Towards high-quality machine translation for complex language pairs
Speaker: Arianna Bisazza, University of Amsterdam
Location: Warren Weaver Hall 102
Date: April 21, 2015, 11:30 a.m.
Host: Davi Geiger
In today’s digital societies, human language remains the medium of excellence for sharing information. As more and more data is produced in languages other than English, the need for fast and accurate machine translation keeps growing at a rapid pace. In this talk I will show that state-of-the-art statistical machine translation (SMT) is close to reaching this objective, but only for a few language pairs with little structural (e.g. grammatical) differences, such as French-English. To achieve high SMT quality in many more language pairs, it is time to revise the simplifying assumptions taken so far, with special regard to word reordering and morphology. I will give an overview of my work on these two aspects: namely, (i) how can we capture long-range reordering phenomena during translation without sacrificing efficiency? and (ii) how can we ensure the generation of fluent and understandable translations in languages with complex word formation mechanisms? To conclude, I will discuss future research directions to improve translation from English into a diverse range of target languages.

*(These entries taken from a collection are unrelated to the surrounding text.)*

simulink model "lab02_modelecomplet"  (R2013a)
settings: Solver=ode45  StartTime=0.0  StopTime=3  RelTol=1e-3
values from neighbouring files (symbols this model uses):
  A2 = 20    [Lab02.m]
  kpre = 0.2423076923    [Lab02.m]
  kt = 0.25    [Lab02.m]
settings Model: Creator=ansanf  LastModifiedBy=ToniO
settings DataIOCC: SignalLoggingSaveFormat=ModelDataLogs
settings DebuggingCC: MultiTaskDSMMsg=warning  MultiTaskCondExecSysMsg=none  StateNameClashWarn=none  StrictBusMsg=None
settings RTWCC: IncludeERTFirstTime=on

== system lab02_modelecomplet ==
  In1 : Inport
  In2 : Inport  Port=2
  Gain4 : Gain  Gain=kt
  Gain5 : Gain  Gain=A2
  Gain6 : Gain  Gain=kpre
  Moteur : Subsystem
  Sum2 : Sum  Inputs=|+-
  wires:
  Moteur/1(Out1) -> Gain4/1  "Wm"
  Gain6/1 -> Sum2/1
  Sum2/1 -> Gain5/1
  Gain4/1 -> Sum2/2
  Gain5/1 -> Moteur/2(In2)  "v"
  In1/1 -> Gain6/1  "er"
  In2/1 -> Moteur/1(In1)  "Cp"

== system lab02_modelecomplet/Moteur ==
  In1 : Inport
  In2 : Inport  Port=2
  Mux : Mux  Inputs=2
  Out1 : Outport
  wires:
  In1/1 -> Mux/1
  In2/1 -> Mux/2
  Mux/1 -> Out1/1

Arianna Bisazza is a post-doc researcher in the Information and Language Processing Systems group of the University of Amsterdam. Her work focuses on the statistical modeling of natural languages, with the prime goal of improving the quality of machine translation and speech recognition of challenging languages. Before joining UvA she obtained her PhD from the University of Trento, Italy, in 2013. She has spent research periods at Microsoft Research and Dublin City University, and participated in the development of one of the most widely used open-source machine translation platforms.
In-person attendance only available to those with active NYU ID cards. All individuals must show the Daily Screener green pass in order to gain entry to the building.